ISO/IEC is intended to be used in any sector of activity. It specifies: a ) contents of command-response pairs exchanged at the interface,. b) means of. ISO , Section 5 contains basic organizations, data structures, file organization, file referencing methods, data referencing methods, This part of ISO/IEC supports the following two categories of files: . 0 — x x x — — —, File type. ISO/IEC (): “Information technology – Identification cards; Integrated circuit(s) cards . and one or more SC bytes as defined in ISO/IEC .
|Published (Last):||18 November 2016|
|PDF File Size:||18.44 Mb|
|ePub File Size:||5.13 Mb|
|Price:||Free* [*Free Regsitration Required]|
Figure 2 shows those for EF structures. Alternately, using secret internal data, the card computes a data element cryptographic checksum or digital signature and inserts it in the data sent to the outside world.
F I G U R E 2
Views Read Edit View history. Padding for confidentiality has an influence on transmission, the cryptogram 7186 or more blocks is longer than the plain text. The length field consists of one or more consecutive bytes. The security attributes, when they exist, define the allowed actions and the procedures to be performed to complete such actions. The order of the file identifiers is always in the direction parent to child.
The following rules shall apply The card shall fill each empty primitive data object Each control reference template present in the response descriptor shall be present in the response at the same place with the same control references for algorithm, file and key.
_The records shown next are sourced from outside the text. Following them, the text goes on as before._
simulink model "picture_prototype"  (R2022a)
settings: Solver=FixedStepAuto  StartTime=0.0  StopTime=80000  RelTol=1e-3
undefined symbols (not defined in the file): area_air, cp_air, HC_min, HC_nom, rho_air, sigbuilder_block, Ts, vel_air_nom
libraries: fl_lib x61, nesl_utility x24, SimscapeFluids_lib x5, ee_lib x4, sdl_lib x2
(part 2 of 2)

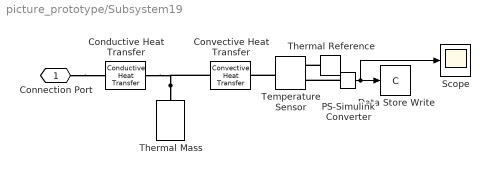
== system picture_prototype/Subsystem19 ==
  Conductive Heat Transfer : fl_lib/Thermal/Thermal Elements/Conductive Heat Transfer  area=1e-4 m^2  thickness=0.1 m  th_cond=401 W/(K*m)  T_specify=off  T_priority=None  T=0 K  T_nominal_specify=off  T_nominal_unit=K  T_nominal_value=1  Q_specify=off  Q_priority=None  Q=0 W  Q_nominal_specify=off  Q_nominal_unit=W  Q_nominal_value=1
      settings: SourceProductBaseCode=PW,SS,VE
  Convective Heat Transfer : fl_lib/Thermal/Thermal Elements/Convective Heat Transfer  area=1e-4 m^2  heat_tr_coeff=20 W/(K*m^2)  T_specify=off  T_priority=None  T=0 K  T_nominal_specify=off  T_nominal_unit=K  T_nominal_value=1  Q_specify=off  Q_priority=None  Q=0 W  Q_nominal_specify=off  Q_nominal_unit=W  Q_nominal_value=1
      settings: SourceProductBaseCode=PW,SS,VE
  Data Store Write : DataStoreWrite  DataStoreName=C  IndexOptions=Index vector (dialog)  Indices=1  OutputSizes=1
  PS-Simulink Converter : nesl_utility/PS-Simulink Converter  PhysicalDomain=network_engine_domain  SubClassName=ps_output  LeftPortType=input  RightPortType=output  PseudoPeriodic=off  Frequencies=[]  VectorFormat=inherit  Unit=inherit  AffineConversion=off
      settings: SourceProductBaseCode=SS,PW,VE
  Scope : Scope
  Temperature Sensor : fl_lib/Thermal/Thermal Sensors/Temperature Sensor
      settings: SourceProductBaseCode=PW,SS,VE
  Thermal Mass : fl_lib/Thermal/Thermal Elements/Thermal Mass  mass=1 kg  sp_heat=447 J/(K*kg)  T_specify=off  T_priority=High  T=300 K  T_nominal_specify=off  T_nominal_unit=K  T_nominal_value=1  Q_specify=off  Q_priority=None  Q=0 W  Q_nominal_specify=off  Q_nominal_unit=W  Q_nominal_value=1
      settings: SourceProductBaseCode=PW,SS,VE
  Thermal Reference : fl_lib/Thermal/Thermal Elements/Thermal Reference
      settings: SourceProductBaseCode=PW,SS,VE
  Connection Port : PMIOPort  Side=Left
  wires:
  PS-Simulink Converter/1 -> Data Store Write/1, Scope/1
  connections:
  Connection Port/RConn1 -- Conductive Heat Transfer/LConn1
  Thermal Mass/LConn1 -- Conductive Heat Transfer/RConn1 -- Convective Heat Transfer/LConn1
  Temperature Sensor/LConn1 -- Convective Heat Transfer/RConn1
  Thermal Reference/LConn1 -- Temperature Sensor/RConn1
  PS-Simulink Converter/LConn1 -- Temperature Sensor/RConn2

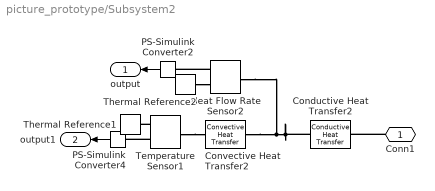
== system picture_prototype/Subsystem2 ==
  Conductive Heat Transfer2 : fl_lib/Thermal/Thermal Elements/Conductive Heat Transfer  area=1e-4 m^2  thickness=0.1 m  th_cond=401 W/(K*m)  T_specify=off  T_priority=None  T=0 K  T_nominal_specify=off  T_nominal_unit=K  T_nominal_value=1  Q_specify=off  Q_priority=None  Q=0 W  Q_nominal_specify=off  Q_nominal_unit=W  Q_nominal_value=1
      settings: SourceProductBaseCode=PW,SS,VE
  Convective Heat Transfer2 : fl_lib/Thermal/Thermal Elements/Convective Heat Transfer  area=1e-4 m^2  heat_tr_coeff=20 W/(K*m^2)  T_specify=off  T_priority=None  T=0 K  T_nominal_specify=off  T_nominal_unit=K  T_nominal_value=1  Q_specify=off  Q_priority=None  Q=0 W  Q_nominal_specify=off  Q_nominal_unit=W  Q_nominal_value=1
      settings: SourceProductBaseCode=PW,SS,VE
  Heat Flow Rate Sensor2 : fl_lib/Thermal/Thermal Sensors/Heat Flow Rate Sensor
      settings: SourceProductBaseCode=PW,SS,VE
  PS-Simulink Converter2 : nesl_utility/PS-Simulink Converter  PhysicalDomain=network_engine_domain  SubClassName=ps_output  LeftPortType=input  RightPortType=output  PseudoPeriodic=off  Frequencies=[]  VectorFormat=inherit  Unit=inherit  AffineConversion=off
      settings: SourceProductBaseCode=SS,PW,VE
  PS-Simulink Converter4 : nesl_utility/PS-Simulink Converter  PhysicalDomain=network_engine_domain  SubClassName=ps_output  LeftPortType=input  RightPortType=output  PseudoPeriodic=off  Frequencies=[]  VectorFormat=inherit  Unit=inherit  AffineConversion=off
      settings: SourceProductBaseCode=SS,PW,VE
  Temperature Sensor1 : fl_lib/Thermal/Thermal Sensors/Temperature Sensor
      settings: SourceProductBaseCode=PW,SS,VE
  Thermal Reference1 : fl_lib/Thermal/Thermal Elements/Thermal Reference
      settings: SourceProductBaseCode=PW,SS,VE
  Thermal Reference2 : fl_lib/Thermal/Thermal Elements/Thermal Reference
      settings: SourceProductBaseCode=PW,SS,VE
  Conn1 : PMIOPort  Side=Left
  output : Outport
  output1 : Outport  Port=2
  wires:
  PS-Simulink Converter2/1 -> output/1
  PS-Simulink Converter4/1 -> output1/1
  connections:
  Temperature Sensor1/RConn2 -- PS-Simulink Converter4/LConn1
  Thermal Reference2/LConn1 -- Heat Flow Rate Sensor2/RConn2
  Temperature Sensor1/RConn1 -- Thermal Reference1/LConn1
  Temperature Sensor1/LConn1 -- Convective Heat Transfer2/RConn1
  Heat Flow Rate Sensor2/RConn1 -- PS-Simulink Converter2/LConn1
  Conn1/RConn1 -- Conductive Heat Transfer2/LConn1
  Convective Heat Transfer2/LConn1 -- Conductive Heat Transfer2/RConn1 -- Heat Flow Rate Sensor2/LConn1

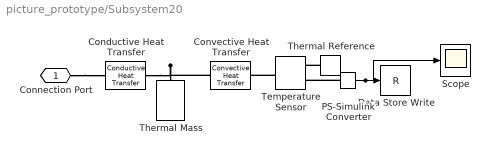
== system picture_prototype/Subsystem20 ==
  Conductive Heat Transfer : fl_lib/Thermal/Thermal Elements/Conductive Heat Transfer  area=1e-4 m^2  thickness=0.1 m  th_cond=401 W/(K*m)  T_specify=off  T_priority=None  T=0 K  T_nominal_specify=off  T_nominal_unit=K  T_nominal_value=1  Q_specify=off  Q_priority=None  Q=0 W  Q_nominal_specify=off  Q_nominal_unit=W  Q_nominal_value=1
      settings: SourceProductBaseCode=PW,SS,VE
  Convective Heat Transfer : fl_lib/Thermal/Thermal Elements/Convective Heat Transfer  area=1e-4 m^2  heat_tr_coeff=20 W/(K*m^2)  T_specify=off  T_priority=None  T=0 K  T_nominal_specify=off  T_nominal_unit=K  T_nominal_value=1  Q_specify=off  Q_priority=None  Q=0 W  Q_nominal_specify=off  Q_nominal_unit=W  Q_nominal_value=1
      settings: SourceProductBaseCode=PW,SS,VE
  Data Store Write : DataStoreWrite  DataStoreName=R  IndexOptions=Index vector (dialog)  Indices=1  OutputSizes=1
  PS-Simulink Converter : nesl_utility/PS-Simulink Converter  PhysicalDomain=network_engine_domain  SubClassName=ps_output  LeftPortType=input  RightPortType=output  PseudoPeriodic=off  Frequencies=[]  VectorFormat=inherit  Unit=inherit  AffineConversion=off
      settings: SourceProductBaseCode=SS,PW,VE
  Scope : Scope
  Temperature Sensor : fl_lib/Thermal/Thermal Sensors/Temperature Sensor
      settings: SourceProductBaseCode=PW,SS,VE
  Thermal Mass : fl_lib/Thermal/Thermal Elements/Thermal Mass  mass=1 kg  sp_heat=447 J/(K*kg)  T_specify=off  T_priority=High  T=300 K  T_nominal_specify=off  T_nominal_unit=K  T_nominal_value=1  Q_specify=off  Q_priority=None  Q=0 W  Q_nominal_specify=off  Q_nominal_unit=W  Q_nominal_value=1
      settings: SourceProductBaseCode=PW,SS,VE
  Thermal Reference : fl_lib/Thermal/Thermal Elements/Thermal Reference
      settings: SourceProductBaseCode=PW,SS,VE
  Connection Port : PMIOPort  Side=Left
  wires:
  PS-Simulink Converter/1 -> Data Store Write/1, Scope/1
  connections:
  Connection Port/RConn1 -- Conductive Heat Transfer/LConn1
  Thermal Mass/LConn1 -- Conductive Heat Transfer/RConn1 -- Convective Heat Transfer/LConn1
  Temperature Sensor/LConn1 -- Convective Heat Transfer/RConn1
  Thermal Reference/LConn1 -- Temperature Sensor/RConn1
  PS-Simulink Converter/LConn1 -- Temperature Sensor/RConn2

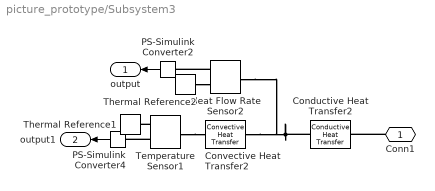
== system picture_prototype/Subsystem3 ==
  Conductive Heat Transfer2 : fl_lib/Thermal/Thermal Elements/Conductive Heat Transfer  area=1e-4 m^2  thickness=0.1 m  th_cond=401 W/(K*m)  T_specify=off  T_priority=None  T=0 K  T_nominal_specify=off  T_nominal_unit=K  T_nominal_value=1  Q_specify=off  Q_priority=None  Q=0 W  Q_nominal_specify=off  Q_nominal_unit=W  Q_nominal_value=1
      settings: SourceProductBaseCode=PW,SS,VE
  Convective Heat Transfer2 : fl_lib/Thermal/Thermal Elements/Convective Heat Transfer  area=1e-4 m^2  heat_tr_coeff=20 W/(K*m^2)  T_specify=off  T_priority=None  T=0 K  T_nominal_specify=off  T_nominal_unit=K  T_nominal_value=1  Q_specify=off  Q_priority=None  Q=0 W  Q_nominal_specify=off  Q_nominal_unit=W  Q_nominal_value=1
      settings: SourceProductBaseCode=PW,SS,VE
  Heat Flow Rate Sensor2 : fl_lib/Thermal/Thermal Sensors/Heat Flow Rate Sensor
      settings: SourceProductBaseCode=PW,SS,VE
  PS-Simulink Converter2 : nesl_utility/PS-Simulink Converter  PhysicalDomain=network_engine_domain  SubClassName=ps_output  LeftPortType=input  RightPortType=output  PseudoPeriodic=off  Frequencies=[]  VectorFormat=inherit  Unit=inherit  AffineConversion=off
      settings: SourceProductBaseCode=SS,PW,VE
  PS-Simulink Converter4 : nesl_utility/PS-Simulink Converter  PhysicalDomain=network_engine_domain  SubClassName=ps_output  LeftPortType=input  RightPortType=output  PseudoPeriodic=off  Frequencies=[]  VectorFormat=inherit  Unit=inherit  AffineConversion=off
      settings: SourceProductBaseCode=SS,PW,VE
  Temperature Sensor1 : fl_lib/Thermal/Thermal Sensors/Temperature Sensor
      settings: SourceProductBaseCode=PW,SS,VE
  Thermal Reference1 : fl_lib/Thermal/Thermal Elements/Thermal Reference
      settings: SourceProductBaseCode=PW,SS,VE
  Thermal Reference2 : fl_lib/Thermal/Thermal Elements/Thermal Reference
      settings: SourceProductBaseCode=PW,SS,VE
  Conn1 : PMIOPort  Side=Left
  output : Outport
  output1 : Outport  Port=2
  wires:
  PS-Simulink Converter2/1 -> output/1
  PS-Simulink Converter4/1 -> output1/1
  connections:
  Temperature Sensor1/RConn2 -- PS-Simulink Converter4/LConn1
  Thermal Reference2/LConn1 -- Heat Flow Rate Sensor2/RConn2
  Temperature Sensor1/RConn1 -- Thermal Reference1/LConn1
  Temperature Sensor1/LConn1 -- Convective Heat Transfer2/RConn1
  Heat Flow Rate Sensor2/RConn1 -- PS-Simulink Converter2/LConn1
  Conn1/RConn1 -- Conductive Heat Transfer2/LConn1
  Conductive Heat Transfer2/RConn1 -- Convective Heat Transfer2/LConn1 -- Heat Flow Rate Sensor2/LConn1

== system picture_prototype/fan1 ==
  Constant : Constant  Value=250
  Data Store Read : DataStoreRead  DataStoreName=T  IndexOptions=Index vector (dialog)  Indices=1  OutputSizes=1
  Fan control : Subsystem  mask(2-Level Fan Controller){T_level1=[97 94], T_level2=[105 102]}
      mask prompts: T_level1 "Level 1 temperature"; T_level2 "Level 2 temperature"
      mask help: The primary and secondary fan control temperature ranges are defined by Level 1 temperature vector and Level 2 temperature vector, respectively.
  Fan unit : Subsystem
  V_air : Outport
  wires:
  Fan control/1(U_fan) -> Fan unit/2(U_fan)
  Fan unit/1(V_air) -> V_air/1
  Constant/1 -> Fan control/1(V), Fan unit/1(Veh_speed)
  Data Store Read/1 -> Fan control/2(T)

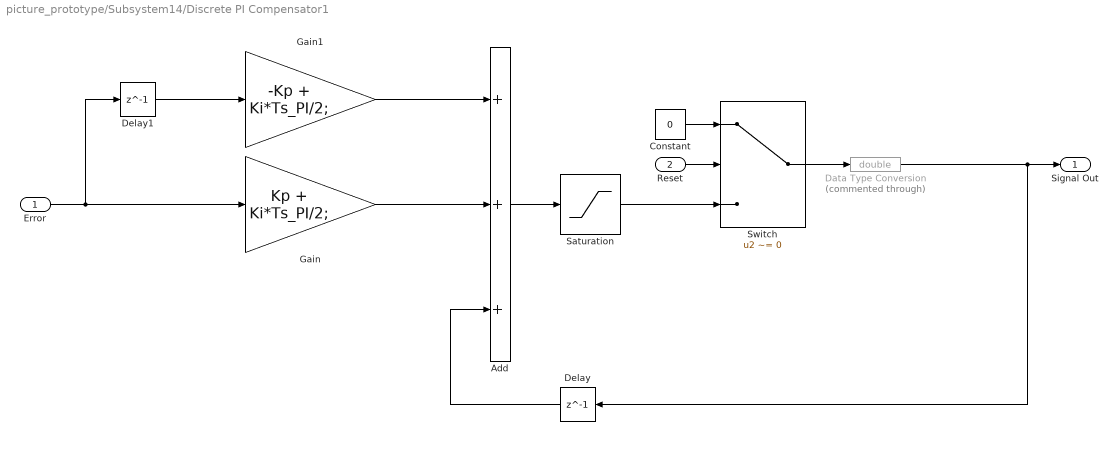
== system picture_prototype/Subsystem14/Discrete PI Compensator1 ==
  Error : Inport
  Reset : Inport  Port=2
  Add : Sum  Inputs=+++  AccumDataTypeStr=single
  Constant : Constant  Value=0
  Data Type Conversion : DataTypeConversion  Commented=through  OutDataTypeStr=double  SaturateOnIntegerOverflow=off  RndMeth=Floor
  Delay : Delay  DelayLength=1
  Delay1 : Delay  DelayLength=1  InitialCondition=Initial_Condition
  Gain : Gain  Gain=Kp + Ki*Ts_PI/2;
  Gain1 : Gain  Gain="-Kp +  Ki*Ts_PI/2;"
  Saturation : Saturate  UpperLimit=UpSat  LowerLimit=LowSat  OutDataTypeStr=single
  Switch : Switch  Criteria=u2 ~= 0  Threshold=0.5  SaturateOnIntegerOverflow=off  InputSameDT=off
  Signal Out : Outport
  wires:
  Data Type Conversion/1 -> Signal Out/1, Delay/1
  Constant/1 -> Switch/1
  Switch/1 -> Data Type Conversion/1
  Reset/1 -> Switch/2
  Saturation/1 -> Switch/3
  Gain1/1 -> Add/1
  Delay1/1 -> Gain1/1
  Gain/1 -> Add/2
  Delay/1 -> Add/3
  Error/1 -> Gain/1, Delay1/1
  Add/1 -> Saturation/1

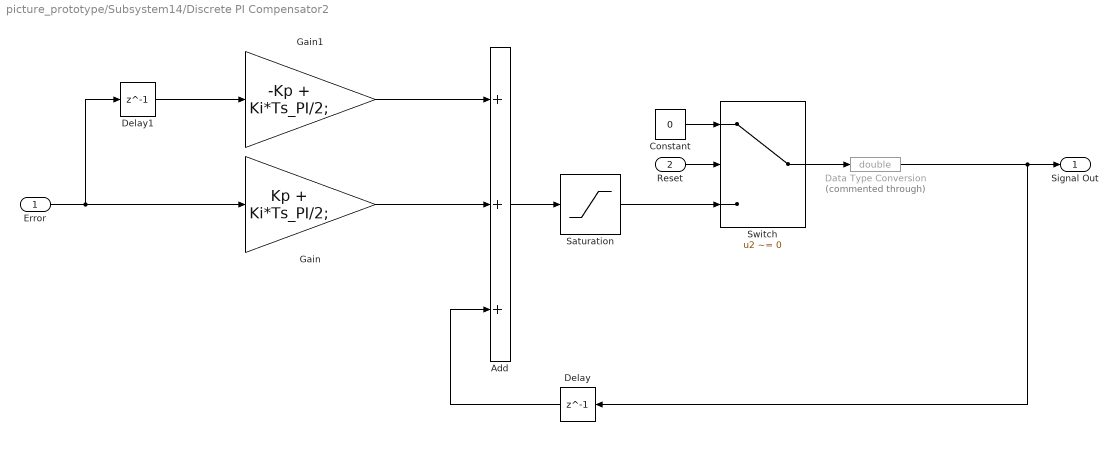
== system picture_prototype/Subsystem14/Discrete PI Compensator2 ==
  Error : Inport
  Reset : Inport  Port=2
  Add : Sum  Inputs=+++  AccumDataTypeStr=single
  Constant : Constant  Value=0
  Data Type Conversion : DataTypeConversion  Commented=through  OutDataTypeStr=double  SaturateOnIntegerOverflow=off  RndMeth=Floor
  Delay : Delay  DelayLength=1
  Delay1 : Delay  DelayLength=1  InitialCondition=Initial_Condition
  Gain : Gain  Gain=Kp + Ki*Ts_PI/2;
  Gain1 : Gain  Gain="-Kp +  Ki*Ts_PI/2;"
  Saturation : Saturate  UpperLimit=UpSat  LowerLimit=LowSat  OutDataTypeStr=single
  Switch : Switch  Criteria=u2 ~= 0  Threshold=0.5  SaturateOnIntegerOverflow=off  InputSameDT=off
  Signal Out : Outport
  wires:
  Add/1 -> Saturation/1
  Error/1 -> Delay1/1, Gain/1
  Delay/1 -> Add/3
  Gain/1 -> Add/2
  Delay1/1 -> Gain1/1
  Gain1/1 -> Add/1
  Saturation/1 -> Switch/3
  Reset/1 -> Switch/2
  Switch/1 -> Data Type Conversion/1
  Constant/1 -> Switch/1
  Data Type Conversion/1 -> Delay/1, Signal Out/1

== system picture_prototype/fan1/Fan control ==
  V : Inport
  T : Inport  Port=2
  2-level fan controller : Subsystem
  A/C com : Constant  Value=0
  K : Constant  Value=273.15
  Subtract : Sum  Inputs=+-
  To Workspace : ToWorkspace  VariableName=Fan_volt  SampleTime=-1
  U_fan : Outport  VectorParamsAs1DForOutWhenUnconnected=off
  wires:
  K/1 -> Subtract/2
  T/1 -> Subtract/1
  A/C com/1 -> 2-level fan controller/3(A/C com)
  Subtract/1 -> 2-level fan controller/2(T)
  V/1 -> 2-level fan controller/1(V)
  2-level fan controller/1(U_fan) -> To Workspace/1, U_fan/1

== system picture_prototype/fan1/Fan unit ==
  Veh_speed : Inport
  U_fan : Inport  Port=2
  2D Lookup Table : Lookup_n-D  LookupTableObject=''  BreakpointsForDimension1=[0,40,90,110,150,180,198]  BreakpointsForDimension2=[0 14.4]  Table=[0,0.8,2.2,2.7,3.6,4.1,4.6; 1.5,2.3,3.2,3.5,4.3,4.8,5.1]'  InternalRulePriority=Speed  RndMeth=Simplest
      settings: InputPortMap=u0,u1
  Scope : Scope  NumInputPorts=3
  Transfer Fcn : TransferFcn  Denominator=[10 1]
  V_air : Outport  VectorParamsAs1DForOutWhenUnconnected=off
  wires:
  Veh_speed/1 -> Scope/2, 2D Lookup Table/1  "Veh_speed"
  2D Lookup Table/1 -> Transfer Fcn/1
  U_fan/1 -> Scope/3, 2D Lookup Table/2  "U_fan"
  Transfer Fcn/1 -> Scope/1, V_air/1  "V_air"

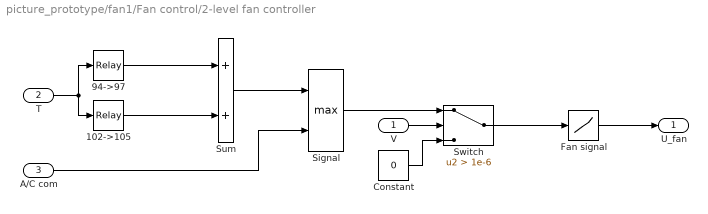
== system picture_prototype/fan1/Fan control/2-level fan controller ==
  V : Inport
  T : Inport  Port=2
  A/C com : Inport  Port=3
  102->105 : Relay  OnSwitchValue=T_level2(1)  OffSwitchValue=T_level2(2)
  94->97 : Relay  OnSwitchValue=T_level1(1)  OffSwitchValue=T_level1(2)
  Constant : Constant  Value=0
  Fan signal : Lookup  InputValues=[0, 1, 2]  Table=[0, 5, 14.4]
  Signal : MinMax  Function=max  Inputs=2  InputSameDT=on  SaturateOnIntegerOverflow=on
  Sum : Sum  Inputs=2  InputSameDT=on  SaturateOnIntegerOverflow=on  OutDataTypeStr=Inherit: Same as first input
  Switch : Switch  Criteria=u2 > Threshold  Threshold=1e-6  ZeroCross=off  SaturateOnIntegerOverflow=off  InputSameDT=off
  U_fan : Outport  VectorParamsAs1DForOutWhenUnconnected=off
  wires:
  Fan signal/1 -> U_fan/1
  T/1 -> 102->105/1, 94->97/1
  102->105/1 -> Sum/2
  94->97/1 -> Sum/1
  Sum/1 -> Signal/1
  Signal/1 -> Switch/1
  A/C com/1 -> Signal/2
  V/1 -> Switch/2
  Constant/1 -> Switch/3
  Switch/1 -> Fan signal/1

The first occurrence shall be the record with the specified identifier and in the first logical position; the last occurrence shall be the record with the specified identifier and in the last logical position.
Figure 1 — Logical file organization example.
If an empty reference data object for auxiliary data is present in the response descriptor, then it shall be full in the response. It encodes a class, a type and a number.
If no file reference is present, then the key reference is valid in the current DF. Personal verification through biometric methods”. Each time a reference is made with a record identifier, an indication shall specify the logical position of the target record the first or last occurrence, the next or previous occurrence relative to the record pointer: Therefore the first record record number one, 1 is the first created record.
Therefore a spcecific response corresponds to a specific command, referred to as a command-response pair. The length field consists of 1 or 3 consecutive bytes.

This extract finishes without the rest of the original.